Stored entries:

────

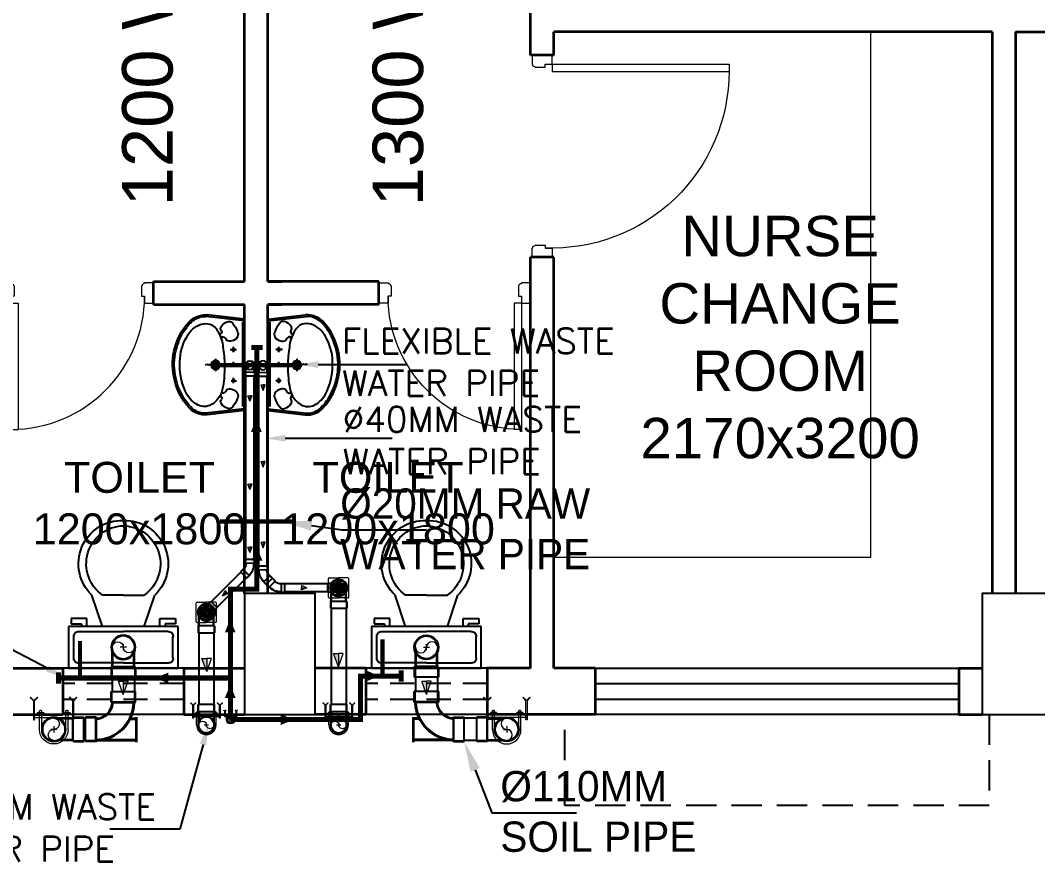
# Model space of a CAD drawing. Header units: millimetres. Extents: x 1448174 to 1599581, y -224422 to -106989.
# Drawn here: x 1464592 to 1469627, y -206811 to -202645 of the extents above; entities that cross this region are included whole.
import ezdxf
from ezdxf import colors
from ezdxf.entities.mleader import LeaderData, LeaderLine
from ezdxf.enums import TextEntityAlignment as Align
from ezdxf.math import Vec2, Vec3

# ---------------------------------------------------------------- set-up
doc = ezdxf.new("R2010")
doc.units = ezdxf.units.MM
doc.header["$LTSCALE"] = 600
doc.header["$MEASUREMENT"] = 0
for name, pattern in [('AI9-LType1', [1.875, 1.25, -0.625]), ('CENTER2', [1.125, 0.75, -0.125, 0.125, -0.125]), ('HIDDEN', [0.375, 0.25, -0.125])]:
    doc.linetypes.add(name, pattern=pattern)
for name, color, linetype, lineweight in [('22-FTfix', 8, 'Continuous', 9), ('DOOR', 144, 'Continuous', 13), ('funiture', 30, 'Continuous', 13), ('P-Wall', 1, 'Continuous', 35), ('PHE-SP', 1, 'Continuous', 0), ('PL-CLAMP', 211, 'Continuous', 13), ('PL-RA WATER SUPPLY PIPE', 100, 'Continuous', 0), ('PL-SOFT  WATER SUPPLY PIPE', 162, 'Continuous', 9), ('PL-WATER PIPE CLAMP', 6, 'Continuous', 9), ('PL-WATER PIPING', 1, 'Continuous', 9), ('WALL LINE', 7, 'Continuous', 35)]:
    doc.layers.add(name, color=color, linetype=linetype, lineweight=lineweight)
for name, color, linetype in [('col', 5, 'Continuous'), ('Lines', 7, 'Continuous'), ('phe-text', 1, 'Continuous'), ('PL- WASTE PIPE', 6, 'Continuous'), ('PL-SOIL PIPE', 1, 'Continuous'), ('TEXT', 253, 'Continuous'), ('wall', 1, 'Continuous'), ('Window', 4, 'Continuous')]:
    doc.layers.add(name, color=color, linetype=linetype)
doc.styles.add('ARIAL', font='arial.ttf')
doc.styles.add('ROMANS', font='romans.shx')
doc.styles.get("Standard").update_dxf_attribs({"font": 'stylu.ttf'})

# ---------------------------------------------------------------- blocks, each defined once
blk = doc.blocks.new('W1800')
at = {"layer": 'wall', "color": 7}
for p, q in [((0, -57.5), (0, 172.5)), ((1800, 172.5), (1800, -57.5))]:
    blk.add_line(p, q, dxfattribs=at)
at = {"layer": 'Window'}
for p, q in [((0, 172.5), (1800, 172.5)), ((0, 97.5), (1800, 97.5)), ((1800, 17.5), (0, 17.5)), ((1800, -57.5), (0, -57.5))]:
    blk.add_line(p, q, dxfattribs=at)
blk = doc.blocks.new('A$C19B8274B')
at = {"layer": 'DOOR'}
blk.add_line((-45, 925), (-80, 925), dxfattribs=at)
at = {"layer": 'DOOR', "color": 8}
for p, q in [((-80, 50), (-80, 925)), ((-45, 50), (-45, 925)), ((-45, 50), (-80, 50)), ((-955, -50), (-955, -47.5)), ((-940, -35), (-942.5, -35)), ((-60, -35), (-57.5, -35)), ((-45, -50), (-45, -47.5))]:
    blk.add_line(p, q, dxfattribs=at)
for points in [[(-940, 15), (-955, 15), (-955, 50), (-1000, 50), (-1000, -50), (-955, -50)], [(-940, -35), (-940, 15)], [(-60, 15), (-45, 15), (-45, 50), (0, 50), (0, -50), (-45, -50)], [(-60, -35), (-60, 15)]]:
    blk.add_lwpolyline(points, dxfattribs=at)
for centre, radius, start, end in [((-80, 50), 875, 90, 182.2924), ((-955, -35), 12.5, 270, 0), ((-45, -35), 12.5, 180, 270)]:
    blk.add_arc(centre, radius, start, end, dxfattribs=at)
blk = doc.blocks.new('750')
at = {"layer": 'DOOR', "color": 8}
for p, q in [((-50, 705), (-47.5, 705)), ((-35, 690), (-35, 692.5)), ((-35, 60), (-35, 57.5)), ((50, 45), (50, 80)), ((50, 80), (675, 80)), ((675, 45), (675, 80)), ((-50, 45), (-47.5, 45)), ((50, 45), (675, 45))]:
    blk.add_line(p, q, dxfattribs=at)
for points in [[(15, 690), (15, 705), (50, 705), (50, 750), (-50, 750), (-50, 705)], [(-35, 690), (15, 690)], [(15, 60), (15, 45), (50, 45), (50, 0), (-50, 0), (-50, 45)], [(-35, 60), (15, 60)]]:
    blk.add_lwpolyline(points, dxfattribs=at)
for centre, radius, start, end in [((-35, 705), 12.5, 180, 270), ((15, 45), 660, 0, 90), ((-35, 45), 12.5, 90, 180)]:
    blk.add_arc(centre, radius, start, end, dxfattribs=at)
blk = doc.blocks.new('clamp')
at = {"layer": 'PL-CLAMP'}
for p, q in [((105.4, 198.4), (168.6, 198.4)), ((105.4, 191.1), (168.6, 191.1)), ((156.2, 205.8), (161.2, 205.8)), ((156.2, 183.7), (161.2, 183.7)), ((163.2, 185.7), (163.2, 203.8)), ((170.6, 196.4), (170.6, 193.1)), ((105.4, 109.4), (168.6, 109.4)), ((156.2, 116.8), (161.2, 116.8)), ((163.2, 96.7), (163.2, 114.8)), ((170.6, 107.4), (170.6, 104)), ((105.4, 102), (168.6, 102)), ((156.2, 94.7), (161.2, 94.7))]:
    blk.add_line(p, q, dxfattribs=at)
for points in [[(138.4, 216.5, -0.414214), (139.4, 217.5), (203.1, 217.5), (214, 228.4), (215.4, 227), (203.9, 215.5), (215.3, 204), (213.9, 202.6), (203, 213.5), (139.4, 213.5, -0.414214), (138.4, 214.5), (138.4, 216.5)], [(138.4, 84.3, -0.414214), (139.4, 85.3), (203.1, 85.3), (214, 96.3), (215.4, 94.9), (203.9, 83.3), (215.3, 71.9), (213.9, 70.5), (203, 81.3), (139.4, 81.3, -0.414214), (138.4, 82.3), (138.4, 84.3)]]:
    blk.add_lwpolyline(points, format="xyb", dxfattribs=at)
for points in [[(146.2, 81.3), (146.2, 217.5)], [(156.2, 81.3), (156.2, 217.5)]]:
    blk.add_lwpolyline(points, dxfattribs=at)
for centre, radius, start, end in [((105.4, 150.2), 48.2, 90, 270), ((161.2, 203.8), 2, 0, 90), ((161.2, 185.7), 2, 270, 0), ((168.6, 196.4), 2, 0, 90), ((168.6, 193.1), 2, 270, 0), ((161.2, 114.8), 2, 0, 90), ((168.6, 107.4), 2, 0, 90), ((168.6, 104), 2, 270, 0), ((161.2, 96.7), 2, 270, 0)]:
    blk.add_arc(centre, radius, start, end, dxfattribs=at)
blk = doc.blocks.new('RISER UP 100')
at = {"color": 0, "linetype": 'Continuous'}
for p, q in [((-98.5, 60), (-148.5, 60)), ((-148.5, -60), (-148.5, 60)), ((-98.5, 60), (-93.5, 55)), ((-93.5, 55), (-24, 55)), ((-98.5, -60), (-148.5, -60)), ((-98.5, -60), (-93.5, -55)), ((-93.5, -55), (-24, -55))]:
    blk.add_line(p, q, dxfattribs=at)
at = {"color": 8, "linetype": 'Continuous', "lineweight": 0, "ltscale": 0.005}
for p, q in [((-98.5, 55), (-148.5, 55)), ((-98.5, -55), (-98.5, 55)), ((-98.5, 55), (-93.5, 50)), ((-93.5, -50), (-93.5, 50)), ((-93.5, 50), (-33.2, 50)), ((-98.5, -55), (-93.5, -50)), ((-93.5, -50), (-33.2, -50)), ((-98.5, -55), (-148.5, -55))]:
    blk.add_line(p, q, dxfattribs=at)
at = {"color": 8, "linetype": 'CENTER2', "lineweight": 0}
for p, q in [((-15, 0), (15, 0)), ((0, 15), (0, -15))]:
    blk.add_line(p, q, dxfattribs=at)
at = {"color": 0, "linetype": 'Continuous'}
blk.add_circle((0, 0), 60, dxfattribs=at)
at = {"color": 8, "linetype": 'Continuous', "lineweight": 0, "ltscale": 0.005}
blk.add_circle((0, 0), 55, dxfattribs=at)
at = {"color": 8, "linetype": 'Continuous', "lineweight": 0}
for centre, start, end in [((0, 27.5), 90, 270), ((0, -27.5), 270, 90)]:
    blk.add_arc(centre, 27.5, start, end, dxfattribs=at)
blk = doc.blocks.new('ELBOW')
at = {"color": 0, "linetype": 'Continuous'}
for p, q in [((-114.4, 296.4), (107.1, 296.4)), ((-114.4, 202.7), (-114.4, 296.4)), ((107.1, 202.7), (107.1, 296.4)), ((-114.4, 202.7), (-103.8, 192.1)), ((-103.5, 196.4), (-103.5, -160.2)), ((107.1, 202.7), (96.3, 192)), ((242.9, 67.8), (232.3, 57.2)), ((242.9, 67.8), (336.6, 67.8)), ((336.6, 67.8), (336.6, -153.6)), ((96.1, -97.1), (96.1, -160.2)), ((242.9, -153.6), (232.6, -143.3)), ((242.9, -153.6), (336.6, -153.6))]:
    blk.add_line(p, q, dxfattribs=at)
at = {"color": 8, "linetype": 'Continuous', "lineweight": 0, "ltscale": 0.005}
for p, q in [((-103.7, 207.1), (-103.7, 296.4)), ((96.3, 207.1), (96.3, 296.4)), ((-103.7, 207.1), (96.3, 207.1)), ((-103.7, 207.1), (-92.9, 196.4)), ((-93, 196.4), (85.6, 196.4)), ((96.3, 207.1), (85.6, 196.4)), ((-92.8, 119.8), (-92.8, -160.2)), ((236.6, 46.5), (236.6, -132.2)), ((247.3, 57.1), (236.9, 46.7)), ((247.3, 57.1), (247.3, -142.9)), ((247.3, 57.1), (336.6, 57.1)), ((85.4, -91.6), (85.4, -160.2)), ((247.3, -142.9), (236.9, -132.5)), ((247.3, -142.9), (336.6, -142.9))]:
    blk.add_line(p, q, dxfattribs=at)
at = {"color": 8, "linetype": 'Continuous', "ltscale": 0.005}
blk.add_line((-93, 167.9), (-93, 170.4), dxfattribs=at)
at = {"color": 0, "linetype": 'Continuous', "const_width": 25}
blk.add_lwpolyline([(-119, -160.2), (106.7, -160.2)], dxfattribs=at)
at = {"color": 0, "linetype": 'Continuous'}
for centre, radius, start, end in [((248.1, 208.5), 352.2, 182.67877, 267.48884), ((248.4, 209.4), 153.1, 186.55293, 263.94685)]:
    blk.add_arc(centre, radius, start, end, dxfattribs=at)
at = {"color": 8, "linetype": 'Continuous', "lineweight": 0, "ltscale": 0.005}
for centre, radius, start, end in [((246.3, 207.1), 339.3, 180, 268.35636), ((246.9, 207.3), 161.5, 180.08228, 266.34676)]:
    blk.add_arc(centre, radius, start, end, dxfattribs=at)
at = {"layer": 'PL-SOIL PIPE', "ltscale": 300}
blk.add_line((-92.9, 196.4), (-92.9, 207.1), dxfattribs=at)
blk = doc.blocks.new('A$C0B1B3CFA')
at = {"layer": 'PHE-SP'}
h = blk.add_hatch(color=7, dxfattribs=at)
h.dxf.hatch_style = 1
h.paths.add_polyline_path([(-0.0495, 0.0226), (-0.0495, 0), (0.0124, 0)])
at = {"layer": 'PHE-SP', "color": 7}
for points in [[(-0.0495, 0), (0.0124, 0), (-0.0495, 0.0226), (-0.0495, 0)], [(-0.0495, 0), (0.0124, 0), (-0.0495, -0.0226), (-0.0495, 0)]]:
    blk.add_lwpolyline(points, dxfattribs=at)
blk = doc.blocks.new('Z$W@#3BD47561')
at = {"layer": 'PHE-SP', "xscale": 49.00933755098914, "yscale": 49.00933755098914, "zscale": 49.00933755098914, "rotation": 270}
blk.add_blockref('A$C0B1B3CFA', (0, 0), dxfattribs=at)
blk = doc.blocks.new('Z$W@#4AA511D8')
at = {"layer": 'phe-text', "linetype": 'ByBlock', "lineweight": -2, "ltscale": 0.5, "xscale": 0.0244727334018079, "yscale": 0.0244727334018079, "zscale": 0.0244727334018079, "rotation": 270}
blk.add_blockref('Z$W@#3BD47561', (0.0148, 0), dxfattribs=at)
blk = doc.blocks.new('A$C525867A1')
at = {"layer": '22-FTfix', "color": 1, "lineweight": 0}
for p, q in [((-3.7, 76.6), (-40.1, 40.1)), ((76.4, 3.7), (3.3, 76.6)), ((-76.6, 3.5), (-40.1, 40.1)), ((42, 42.1), (-42, -42.1)), ((-3.5, -76.4), (-76.6, -3.4)), ((3.4, -76.4), (39.9, -39.8)), ((76.4, -3.3), (39.9, -39.8))]:
    blk.add_line(p, q, dxfattribs=at)
at = {"layer": '22-FTfix', "color": 1, "linetype": 'AI9-LType1', "lineweight": 0}
blk.add_line((42, -41.9), (-42.2, 42.1), dxfattribs=at)
at = {"layer": '22-FTfix', "color": 3, "lineweight": 0}
for p, q in [((-18.4, 18.3), (-39.5, -2.8)), ((-10.4, 10.4), (-35.8, -15.1)), ((-14.5, 14.5), (-35.7, -6.6)), ((-23.3, 23.2), (-32.4, 14)), ((-6.5, 6.5), (-31.9, -18.9)), ((-23.3, 23.2), (-14.1, 32.4)), ((-18.4, 18.3), (2.7, 39.5)), ((-14.5, 14.5), (6.6, 35.7)), ((-10.4, 10.4), (15, 35.8)), ((-6.5, 6.5), (18.9, 32)), ((-1.9, 1.2), (-1.5, 1.5)), ((-1.4, 0.7), (-1.9, 1.2)), ((-1.2, 1.9), (-1.5, 1.5)), ((-0.7, 1.4), (-1.2, 1.9)), ((1.2, 1.9), (0.7, 1.4)), ((1.9, 1.2), (1.2, 1.9)), ((1.9, 1.2), (1.4, 0.7)), ((5.2, 9.3), (24.6, 28.7)), ((6.5, -6.5), (31.9, 18.9)), ((9.2, 5.2), (28.6, 24.6)), ((10.4, -10.4), (35.8, 15.1)), ((14.5, -14.5), (35.7, 6.6)), ((18.4, -18.3), (39.5, 2.8)), ((-9.2, -5.2), (-28.6, -24.6)), ((-5.2, -9.3), (-24.6, -28.7)), ((6.5, -6.5), (-18.9, -32)), ((10.4, -10.4), (-15, -35.8)), ((14.5, -14.5), (-6.6, -35.7)), ((18.4, -18.3), (-2.7, -39.5)), ((-1.9, -1.2), (-1.4, -0.7)), ((-1.2, -1.9), (-1.9, -1.2)), ((-1.2, -1.9), (-0.7, -1.4)), ((1.2, -1.9), (0.7, -1.4)), ((1.2, -1.9), (1.5, -1.5)), ((1.9, -1.2), (1.4, -0.7)), ((1.9, -1.2), (1.5, -1.5)), ((23.3, -23.2), (14.1, -32.4)), ((23.3, -23.2), (32.4, -14))]:
    blk.add_line(p, q, dxfattribs=at)
at = {"layer": '22-FTfix', "color": 1, "lineweight": 0}
blk.add_circle((-0.1, 0.1), 49.4, dxfattribs=at)
at = {"layer": '22-FTfix', "color": 3, "lineweight": 0}
for centre, radius in [((0, 0), 45.2), ((-0.1, -0.1), 44.9), ((0, 0), 4.18), ((0, 0), 3.93)]:
    blk.add_circle(centre, radius, dxfattribs=at)
at = {"layer": '22-FTfix', "color": 1, "lineweight": 0}
for points in [[(3.3, 76.6), (1.4, 78.5), (-1.8, 78.5), (-3.7, 76.6)], [(-76.6, 3.5), (-78.5, 1.6), (-78.5, -1.5), (-76.6, -3.4)], [(76.4, -3.3), (78.3, -1.4), (78.3, 1.8), (76.4, 3.7)], [(-3.5, -76.4), (-1.6, -78.3), (1.5, -78.3), (3.4, -76.4)]]:
    blk.add_open_spline(points, degree=3, dxfattribs=at)
for points in [[(-35.3, 35.2), (-54.6, 15.8), (-54.6, -15.7), (-35.2, -35), (-15.8, -54.4), (15.7, -54.4), (35, -35)], [(-35.3, 35.2), (-15.9, 54.6), (15.5, 54.6), (35, 35.3), (54.4, 15.9), (54.4, -15.6), (35, -35)]]:
    blk.add_open_spline(points, degree=3, knots=[0, 0, 0, 0, 1, 1, 1, 2, 2, 2, 2], dxfattribs=at)
at = {"layer": '22-FTfix', "color": 3, "lineweight": 0}
for points in [[(-36.8, 17.1), (-37.4, 15.7), (-36.8, 14.1), (-35.5, 13.5), (-34.4, 13), (-33.2, 13.2), (-32.4, 14)], [(-14.1, 32.4), (-13, 33.4), (-13, 35.2), (-14.1, 36.2), (-14.9, 37), (-16.1, 37.2), (-17.2, 36.7)], [(6.6, 35.7), (7.6, 36.7), (7.6, 38.5), (6.6, 39.5), (5.5, 40.6), (3.8, 40.6), (2.7, 39.5)], [(5.2, 9.3), (4.1, 8.1), (4.1, 6.3), (5.2, 5.2), (6.3, 4.1), (8.1, 4.1), (9.2, 5.2)], [(18.9, 32), (19.9, 33), (19.9, 34.8), (18.9, 35.8), (17.8, 36.9), (16.1, 36.9), (15, 35.8)], [(28.6, 24.6), (29.7, 25.7), (29.7, 27.6), (28.6, 28.7), (27.5, 29.8), (25.7, 29.8), (24.6, 28.7)], [(35.8, 15.1), (36.8, 16.2), (36.8, 17.9), (35.8, 18.9), (34.7, 20), (33, 20), (31.9, 18.9)], [(39.5, 2.8), (40.6, 3.9), (40.5, 5.6), (39.5, 6.6), (38.4, 7.7), (36.7, 7.7), (35.7, 6.6)], [(-39.5, -2.8), (-40.6, -3.9), (-40.5, -5.6), (-39.5, -6.6), (-38.4, -7.7), (-36.7, -7.7), (-35.7, -6.6)], [(-35.8, -15.1), (-36.8, -16.2), (-36.8, -17.9), (-35.8, -18.9), (-34.7, -20), (-33, -20), (-31.9, -18.9)], [(-28.6, -24.6), (-29.7, -25.7), (-29.7, -27.6), (-28.6, -28.7), (-27.5, -29.8), (-25.7, -29.8), (-24.6, -28.7)], [(-18.9, -32), (-19.9, -33), (-19.9, -34.8), (-18.9, -35.8), (-17.8, -36.9), (-16.1, -36.9), (-15, -35.8)], [(-5.2, -9.3), (-4.1, -8.1), (-4.1, -6.3), (-5.2, -5.2), (-6.3, -4.1), (-8.1, -4.1), (-9.2, -5.2)], [(-6.6, -35.7), (-7.6, -36.7), (-7.6, -38.4), (-6.6, -39.5), (-5.5, -40.6), (-3.8, -40.6), (-2.7, -39.5)], [(14.1, -32.4), (13, -33.4), (13, -35.1), (14.1, -36.2), (14.9, -37), (16.1, -37.2), (17.2, -36.7)], [(36.8, -17.1), (37.4, -15.7), (36.8, -14.1), (35.5, -13.5), (34.4, -13), (33.2, -13.2), (32.4, -14)]]:
    blk.add_open_spline(points, degree=3, knots=[0, 0, 0, 0, 1, 1, 1, 2, 2, 2, 2], dxfattribs=at)
for points in [[(-28.7, 28.6), (-32, 25.3), (-34.8, 21.4), (-36.8, 17.1)], [(-17.2, 36.7), (-21.4, 34.7), (-25.3, 32), (-28.7, 28.6)], [(-1.4, -0.7), (-1, -0.3), (-1, 0.3), (-1.4, 0.7)], [(-0.7, 1.4), (-0.3, 1), (0.3, 1), (0.7, 1.4)], [(1.4, 0.7), (1, 0.3), (1, -0.3), (1.4, -0.7)], [(0.7, -1.4), (0.3, -1), (-0.3, -1), (-0.7, -1.4)], [(17.2, -36.7), (21.4, -34.7), (25.3, -32), (28.7, -28.6)], [(28.7, -28.6), (32, -25.3), (34.8, -21.4), (36.8, -17.1)]]:
    blk.add_open_spline(points, degree=3, dxfattribs=at)
blk = doc.blocks.new('G$C6D3250BF')
at = {"layer": 'PL- WASTE PIPE', "linetype": 'ByBlock', "ltscale": 5, "xscale": -0.08841918452952499, "yscale": 0.08841918454157253, "zscale": 0.08841918448567115, "rotation": 225.0593839872961}
blk.add_blockref('A$C525867A1', (0, 0), dxfattribs=at)
blk = doc.blocks.new('WATER PIPE CLAMP')
at = {"layer": 'PL-CLAMP'}
for p, q in [((-61.4, 87.2), (-62.5, 86.1)), ((-62.5, 86.1), (-54, 77.6)), ((-52.5, 78.2), (-61.4, 87.2)), ((-54, 77.6), (-54, 27.7)), ((-54, 40.9), (52.7, 41)), ((-54, 33.1), (52.7, 33.1)), ((-53.2, 27), (-51.7, 27)), ((-43.4, 87.3), (-52.5, 78.2)), ((-50.9, 77.6), (-42.3, 86.2)), ((-50.9, 27.7), (-50.9, 77.6)), ((-43.6, 40.9), (-43.6, 44.8)), ((-42.3, 86.2), (-43.4, 87.3)), ((-42, 46.4), (-27.8, 46.4)), ((-37.8, 1.1), (-37.8, 50.6)), ((-33.6, 52.2), (-36.2, 52.2)), ((-32, 1.1), (-32, 50.6)), ((-26.2, 40.9), (-26.3, 44.8)), ((26.2, 41), (26.2, 44.8)), ((27.8, 46.4), (41.9, 46.4)), ((32, 1.1), (32, 50.6)), ((36.2, 52.2), (33.5, 52.2)), ((37.8, 1.1), (37.7, 50.6)), ((42.1, 87.2), (41, 86.1)), ((41, 86.1), (49.5, 77.6)), ((51.1, 78.3), (42.1, 87.2)), ((43.5, 41), (43.5, 44.8)), ((49.5, 77.6), (49.6, 27.8)), ((50.3, 27), (51.9, 27)), ((60.2, 87.4), (51.1, 78.3)), ((52.7, 77.6), (61.3, 86.2)), ((52.7, 27.8), (52.7, 77.6)), ((61.3, 86.2), (60.2, 87.4))]:
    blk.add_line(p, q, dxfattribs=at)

────

> _WORK TO COMPLETE_: Pull out every line of the records above that contains the word "entities".

> _WRITTEN SOLUTION_:
# Drawn here: x 1464592 to 1469627, y -206811 to -202645 of the extents above; entities that cross this region are included whole.
from ezdxf.entities.mleader import LeaderData, LeaderLine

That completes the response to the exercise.